# Vet/Health Insurance for a Puppy - Is it worth it?



## cp10 (Dec 11, 2006)

Hi All,

I introduced myself awhile back, but as a reintroduction my name is Crys and I am adopting a new Hav puppy. He comes home in about 2 weeks. I am so excited. His name is Dallas. 

I was looking into Vet insurance and curious if its worth it? The company I looked at only reimburses you once you provide them with receipts and a signed form from the vet. The cost difference at the vet for basics is about 10-20 bucks. I am not the best with keeping up with recepits etc. Does anyone have a point of view on if the VPI insurance is worth it? Is there another provider that you would recommend?

Thanks.


----------



## Olliesmom (Sep 29, 2006)

Well I believe it is worth it - I spent $1000 on my cat for something that would have been covered and my daughter would have spent 1200 on her cat for one incident if she did not have insurance - I even got the cancer program - $8 a month if you start them as puppies - my neighbors dog got cancer at 2 years old and they have spent $4000 on him and he is only in remisssion. I love Ollie too much to have to make a decision of "can I afford to pay his vet bill or not" He is a member of our family and I want the best I can for him.


----------



## irnfit (Nov 21, 2006)

I have the insurance thru the AKC. I haven't used it yet, but I will soon because Kodi will be due for his yearly checkup. I hope it's worth it because it is pricey.


----------



## Rita (Jan 1, 2007)

I just thought I would take a tip from Tom and bump this up because I asked the same question last week with few responses.
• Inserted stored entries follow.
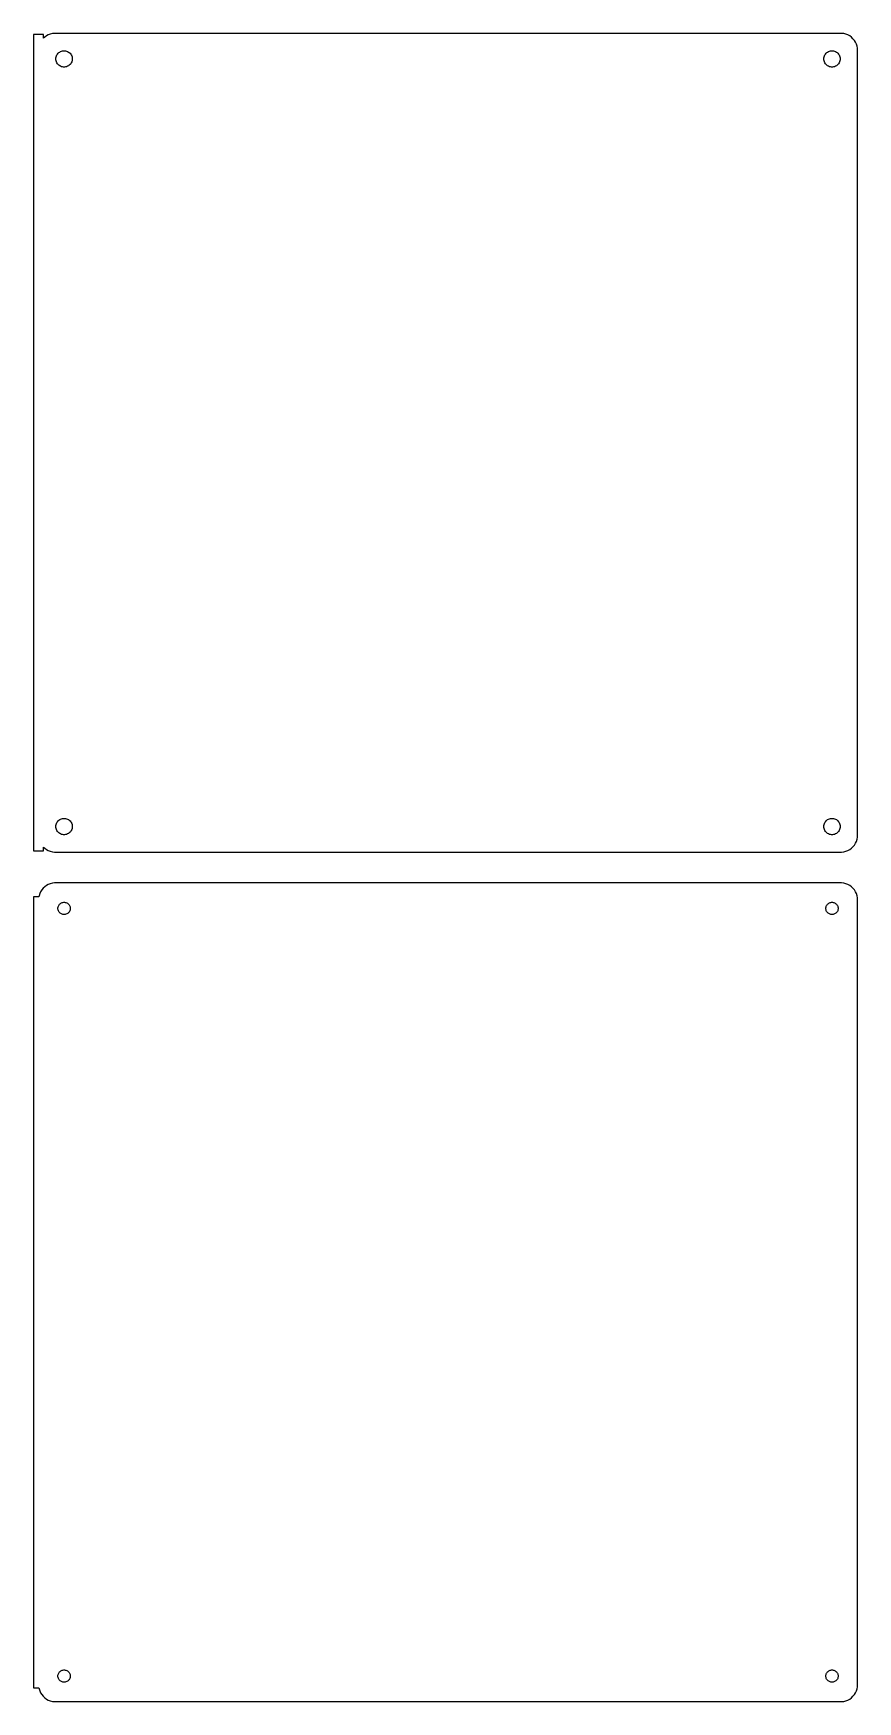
# Model space of a CAD drawing. Header units: metres. Extents: x -122 to 120, y 129 to 618.
import ezdxf

# ---------------------------------------------------------------- set-up
doc = ezdxf.new("R2010")
doc.units = ezdxf.units.M

msp = doc.modelspace()

# ---------------------------------------------------------------- linework, layer by layer
for p, q in [((-118.5, 617.615), (-121.5, 617.615)), ((-121.5, 617.615), (-121.5, 378.385)), ((-118.5, 616.559), (-118.5, 617.615)), ((-118.187, 616.853), (-118.5, 616.559)), ((-117.679, 617.222), (-118.187, 616.853)), ((-117.129, 617.524), (-117.679, 617.222)), ((-116.545, 617.755), (-117.129, 617.524)), ((-115.937, 617.911), (-116.545, 617.755)), ((-115.314, 617.99), (-115.937, 617.911)), ((115.314, 617.99), (-115.314, 617.99)), ((115.937, 617.911), (115.314, 617.99)), ((116.545, 617.755), (115.937, 617.911)), ((117.129, 617.524), (116.545, 617.755)), ((117.679, 617.222), (117.129, 617.524)), ((118.187, 616.853), (117.679, 617.222)), ((118.645, 616.423), (118.187, 616.853)), ((119.045, 615.939), (118.645, 616.423)), ((-114.825, 611.097), (-114.731, 611.383)), ((-114.731, 611.383), (-114.603, 611.656)), ((-114.603, 611.656), (-114.442, 611.911)), ((-114.442, 611.911), (-114.25, 612.143)), ((-114.25, 612.143), (-114.03, 612.349)), ((-114.03, 612.349), (-113.786, 612.526)), ((-113.786, 612.526), (-113.522, 612.672)), ((-113.522, 612.672), (-113.242, 612.783)), ((-113.242, 612.783), (-112.95, 612.857)), ((-112.95, 612.857), (-112.651, 612.895)), ((-112.651, 612.895), (-112.349, 612.895)), ((-112.349, 612.895), (-112.05, 612.857)), ((-112.05, 612.857), (-111.758, 612.783)), ((-111.758, 612.783), (-111.478, 612.672)), ((-111.478, 612.672), (-111.214, 612.526)), ((-111.214, 612.526), (-110.97, 612.349)), ((-110.97, 612.349), (-110.75, 612.143)), ((-110.75, 612.143), (-110.558, 611.911)), ((-110.558, 611.911), (-110.397, 611.656)), ((-110.397, 611.656), (-110.269, 611.383)), ((-110.269, 611.383), (-110.175, 611.097)), ((110.175, 611.097), (110.269, 611.383)), ((110.269, 611.383), (110.397, 611.656)), ((110.397, 611.656), (110.558, 611.911)), ((110.558, 611.911), (110.75, 612.143)), ((110.75, 612.143), (110.97, 612.349)), ((110.97, 612.349), (111.214, 612.526)), ((111.214, 612.526), (111.478, 612.672)), ((111.478, 612.672), (111.758, 612.783)), ((111.758, 612.783), (112.05, 612.857)), ((112.05, 612.857), (112.349, 612.895)), ((112.349, 612.895), (112.651, 612.895)), ((112.651, 612.895), (112.95, 612.857)), ((112.95, 612.857), (113.242, 612.783)), ((113.242, 612.783), (113.522, 612.672)), ((113.522, 612.672), (113.786, 612.526)), ((113.786, 612.526), (114.03, 612.349)), ((114.03, 612.349), (114.25, 612.143)), ((114.25, 612.143), (114.442, 611.911)), ((114.442, 611.911), (114.603, 611.656)), ((114.603, 611.656), (114.731, 611.383)), ((114.731, 611.383), (114.825, 611.097)), ((119.382, 615.409), (119.045, 615.939)), ((119.649, 614.841), (119.382, 615.409)), ((119.843, 614.243), (119.649, 614.841)), ((119.961, 613.627), (119.843, 614.243)), ((120, 613), (119.961, 613.627)), ((120, 383), (120, 613)), ((-114.9, 610.5), (-114.881, 610.801)), ((-114.881, 610.199), (-114.9, 610.5)), ((-114.881, 610.801), (-114.825, 611.097)), ((-114.825, 609.903), (-114.881, 610.199)), ((-114.731, 609.617), (-114.825, 609.903)), ((-114.603, 609.344), (-114.731, 609.617)), ((-114.442, 609.089), (-114.603, 609.344)), ((-114.25, 608.857), (-114.442, 609.089)), ((-114.03, 608.651), (-114.25, 608.857)), ((-113.786, 608.474), (-114.03, 608.651)), ((-113.522, 608.328), (-113.786, 608.474)), ((-113.242, 608.217), (-113.522, 608.328)), ((-112.95, 608.143), (-113.242, 608.217)), ((-112.651, 608.105), (-112.95, 608.143)), ((-112.349, 608.105), (-112.651, 608.105)), ((-112.05, 608.143), (-112.349, 608.105)), ((-111.758, 608.217), (-112.05, 608.143)), ((-111.478, 608.328), (-111.758, 608.217)), ((-111.214, 608.474), (-111.478, 608.328)), ((-110.97, 608.651), (-111.214, 608.474)), ((-110.75, 608.857), (-110.97, 608.651)), ((-110.558, 609.089), (-110.75, 608.857)), ((-110.397, 609.344), (-110.558, 609.089)), ((-110.269, 609.617), (-110.397, 609.344)), ((-110.175, 609.903), (-110.269, 609.617)), ((-110.175, 611.097), (-110.119, 610.801)), ((-110.119, 610.199), (-110.175, 609.903)), ((-110.119, 610.801), (-110.1, 610.5)), ((-110.1, 610.5), (-110.119, 610.199)), ((110.1, 610.5), (110.119, 610.801)), ((110.119, 610.199), (110.1, 610.5)), ((110.119, 610.801), (110.175, 611.097)), ((110.175, 609.903), (110.119, 610.199)), ((110.269, 609.617), (110.175, 609.903)), ((110.397, 609.344), (110.269, 609.617)), ((110.558, 609.089), (110.397, 609.344)), ((110.75, 608.857), (110.558, 609.089)), ((110.97, 608.651), (110.75, 608.857)), ((111.214, 608.474), (110.97, 608.651)), ((111.478, 608.328), (111.214, 608.474)), ((111.758, 608.217), (111.478, 608.328)), ((112.05, 608.143), (111.758, 608.217)), ((112.349, 608.105), (112.05, 608.143)), ((112.651, 608.105), (112.349, 608.105)), ((112.95, 608.143), (112.651, 608.105)), ((113.242, 608.217), (112.95, 608.143)), ((113.522, 608.328), (113.242, 608.217)), ((113.786, 608.474), (113.522, 608.328)), ((114.03, 608.651), (113.786, 608.474)), ((114.25, 608.857), (114.03, 608.651)), ((114.442, 609.089), (114.25, 608.857)), ((114.603, 609.344), (114.442, 609.089)), ((114.731, 609.617), (114.603, 609.344)), ((114.825, 609.903), (114.731, 609.617)), ((114.825, 611.097), (114.881, 610.801)), ((114.881, 610.199), (114.825, 609.903)), ((114.881, 610.801), (114.9, 610.5)), ((114.9, 610.5), (114.881, 610.199)), ((-114.825, 386.097), (-114.731, 386.383)), ((-114.731, 386.383), (-114.603, 386.656)), ((-114.603, 386.656), (-114.442, 386.911)), ((-114.442, 386.911), (-114.25, 387.143)), ((-114.25, 387.143), (-114.03, 387.349)), ((-114.03, 387.349), (-113.786, 387.526)), ((-113.786, 387.526), (-113.522, 387.672)), ((-113.522, 387.672), (-113.242, 387.783)), ((-113.242, 387.783), (-112.95, 387.857)), ((-112.95, 387.857), (-112.651, 387.895)), ((-112.651, 387.895), (-112.349, 387.895)), ((-112.349, 387.895), (-112.05, 387.857)), ((-112.05, 387.857), (-111.758, 387.783)), ((-111.758, 387.783), (-111.478, 387.672)), ((-111.478, 387.672), (-111.214, 387.526)), ((-111.214, 387.526), (-110.97, 387.349)), ((-110.97, 387.349), (-110.75, 387.143)), ((-110.75, 387.143), (-110.558, 386.911)), ((-110.558, 386.911), (-110.397, 386.656)), ((-110.397, 386.656), (-110.269, 386.383)), ((-110.269, 386.383), (-110.175, 386.097)), ((110.175, 386.097), (110.269, 386.383)), ((110.269, 386.383), (110.397, 386.656)), ((110.397, 386.656), (110.558, 386.911)), ((110.558, 386.911), (110.75, 387.143)), ((110.75, 387.143), (110.97, 387.349)), ((110.97, 387.349), (111.214, 387.526)), ((111.214, 387.526), (111.478, 387.672)), ((111.478, 387.672), (111.758, 387.783)), ((111.758, 387.783), (112.05, 387.857)), ((112.05, 387.857), (112.349, 387.895)), ((112.349, 387.895), (112.651, 387.895)), ((112.651, 387.895), (112.95, 387.857)), ((112.95, 387.857), (113.242, 387.783)), ((113.242, 387.783), (113.522, 387.672)), ((113.522, 387.672), (113.786, 387.526)), ((113.786, 387.526), (114.03, 387.349)), ((114.03, 387.349), (114.25, 387.143)), ((114.25, 387.143), (114.442, 386.911)), ((114.442, 386.911), (114.603, 386.656)), ((114.603, 386.656), (114.731, 386.383)), ((114.731, 386.383), (114.825, 386.097)), ((-114.9, 385.5), (-114.881, 385.801)), ((-114.881, 385.199), (-114.9, 385.5)), ((-114.881, 385.801), (-114.825, 386.097)), ((-114.825, 384.903), (-114.881, 385.199)), ((-114.731, 384.617), (-114.825, 384.903)), ((-114.603, 384.344), (-114.731, 384.617)), ((-114.442, 384.089), (-114.603, 384.344)), ((-114.25, 383.857), (-114.442, 384.089)), ((-114.03, 383.651), (-114.25, 383.857)), ((-113.786, 383.474), (-114.03, 383.651)), ((-113.522, 383.328), (-113.786, 383.474)), ((-113.242, 383.217), (-113.522, 383.328)), ((-112.95, 383.143), (-113.242, 383.217)), ((-112.651, 383.105), (-112.95, 383.143)), ((-112.349, 383.105), (-112.651, 383.105)), ((-112.05, 383.143), (-112.349, 383.105)), ((-111.758, 383.217), (-112.05, 383.143)), ((-111.478, 383.328), (-111.758, 383.217)), ((-111.214, 383.474), (-111.478, 383.328)), ((-110.97, 383.651), (-111.214, 383.474)), ((-110.75, 383.857), (-110.97, 383.651)), ((-110.558, 384.089), (-110.75, 383.857)), ((-110.397, 384.344), (-110.558, 384.089)), ((-110.269, 384.617), (-110.397, 384.344)), ((-110.175, 384.903), (-110.269, 384.617)), ((-110.175, 386.097), (-110.119, 385.801)), ((-110.119, 385.199), (-110.175, 384.903)), ((-110.119, 385.801), (-110.1, 385.5)), ((-110.1, 385.5), (-110.119, 385.199)), ((110.1, 385.5), (110.119, 385.801)), ((110.119, 385.199), (110.1, 385.5)), ((110.119, 385.801), (110.175, 386.097)), ((110.175, 384.903), (110.119, 385.199)), ((110.269, 384.617), (110.175, 384.903)), ((110.397, 384.344), (110.269, 384.617)), ((110.558, 384.089), (110.397, 384.344)), ((110.75, 383.857), (110.558, 384.089)), ((110.97, 383.651), (110.75, 383.857)), ((111.214, 383.474), (110.97, 383.651)), ((111.478, 383.328), (111.214, 383.474)), ((111.758, 383.217), (111.478, 383.328)), ((112.05, 383.143), (111.758, 383.217)), ((112.349, 383.105), (112.05, 383.143)), ((112.651, 383.105), (112.349, 383.105)), ((112.95, 383.143), (112.651, 383.105)), ((113.242, 383.217), (112.95, 383.143)), ((113.522, 383.328), (113.242, 383.217)), ((113.786, 383.474), (113.522, 383.328)), ((114.03, 383.651), (113.786, 383.474)), ((114.25, 383.857), (114.03, 383.651)), ((114.442, 384.089), (114.25, 383.857)), ((114.603, 384.344), (114.442, 384.089)), ((114.731, 384.617), (114.603, 384.344)), ((114.825, 384.903), (114.731, 384.617)), ((114.825, 386.097), (114.881, 385.801)), ((114.881, 385.199), (114.825, 384.903)), ((114.881, 385.801), (114.9, 385.5)), ((114.9, 385.5), (114.881, 385.199)), ((119.649, 381.159), (119.843, 381.757)), ((119.843, 381.757), (119.961, 382.373)), ((119.961, 382.373), (120, 383)), ((-121.5, 378.385), (-118.5, 378.385)), ((-118.5, 378.385), (-118.5, 379.441)), ((-118.5, 379.441), (-118.187, 379.147)), ((-118.187, 379.147), (-117.679, 378.778)), ((-117.679, 378.778), (-117.129, 378.476)), ((-117.129, 378.476), (-116.545, 378.245)), ((-116.545, 378.245), (-115.937, 378.089)), ((-115.937, 378.089), (-115.314, 378.01)), ((-115.314, 378.01), (115.314, 378.01)), ((115.314, 378.01), (115.937, 378.089)), ((115.937, 378.089), (116.545, 378.245)), ((116.545, 378.245), (117.129, 378.476)), ((117.129, 378.476), (117.679, 378.778)), ((117.679, 378.778), (118.187, 379.147)), ((118.187, 379.147), (118.645, 379.577)), ((118.645, 379.577), (119.045, 380.061)), ((119.045, 380.061), (119.382, 380.591)), ((119.382, 380.591), (119.649, 381.159)), ((-119.045, 366.939), (-119.382, 366.409)), ((-118.645, 367.423), (-119.045, 366.939)), ((-118.187, 367.853), (-118.645, 367.423)), ((-117.679, 368.222), (-118.187, 367.853)), ((-117.129, 368.524), (-117.679, 368.222)), ((-116.545, 368.755), (-117.129, 368.524)), ((-115.937, 368.911), (-116.545, 368.755)), ((-115.314, 368.99), (-115.937, 368.911)), ((115.314, 368.99), (-115.314, 368.99)), ((115.937, 368.911), (115.314, 368.99)), ((116.545, 368.755), (115.937, 368.911)), ((117.129, 368.524), (116.545, 368.755)), ((117.679, 368.222), (117.129, 368.524)), ((118.187, 367.853), (117.679, 368.222)), ((118.645, 367.423), (118.187, 367.853)), ((119.045, 366.939), (118.645, 367.423)), ((119.382, 366.409), (119.045, 366.939)), ((-119.9, 364.944), (-121.5, 364.944)), ((-121.5, 364.944), (-121.5, 133.056)), ((-119.843, 365.243), (-119.9, 364.944)), ((-119.649, 365.841), (-119.843, 365.243)), ((-119.382, 366.409), (-119.649, 365.841)), ((-114.286, 361.726), (-114.243, 361.948)), ((-114.243, 361.948), (-114.174, 362.163)), ((-114.174, 362.163), (-114.077, 362.367)), ((-114.077, 362.367), (-113.956, 362.558)), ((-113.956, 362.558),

I think if you post on a day when there is a lot of posts, things get to be too much for people to answer to. Or you guys are snubbing me because I ask too many questions.   At least I hope it isn't the later, because you guys have given me so much info that I am deeply grateful. In fact, my sister -in-law told me she wished she let me get my Havanese first because I am the research queen. 

OK gang. Any more input?


----------



## JodiM (Dec 28, 2006)

I think it's just not getting seen.

I am kind of curious too, because we have never had pet insurance.. but it might be worth it.


----------



## juliav (Nov 21, 2006)

I have VPI pet insurance for my dogs. I am not sure if it's worth it or not, but it makes me feel better that I do have it. I don't buy the well care rider for regular shots, flee control, etc, but I don have their premire coverage for illness and injuries. When you go to see your vet you pay the full amount and then send in the bill to the insurance company for reimbursement. I am still not convinced we need it, but it makes me feel better to have it in case of major illness/injuries.


----------



## whitBmom (Nov 27, 2006)

In my opinion I do believe it is a good idea. The reason being is that my parents went through an ordeal with their 2 yr old cat that developed crystallization in his bladder... poor guy  They spent a total of $2400 in vet bills because all the little things added up - like testing, catheter, overnight observation, plus the cost of the special food to break down the crystals - now of course the food isn't covered, but the vet had asked my parents if they had insurance because quite a lot of this could have been covered. The vet told them it is a good idea esp. when they have a clean bill of health. Its not that you are looking for anything to happen but in case it does, all of us know how the "little" things all add up. Our vet is one of the more reasonably priced vets but of course if anything were to happen, like a major sickness or accident then the cost can get quite expensive. Well, that is my 2 cents worth, really it us up to you personally and how comfortable you feel about it


----------



## ama0722 (Nov 28, 2006)

Maybe I have been married to a mathematician too long <bg>. I think of all insurances kind of in the same way- if something happens, do you have the resources or do you need the insurance?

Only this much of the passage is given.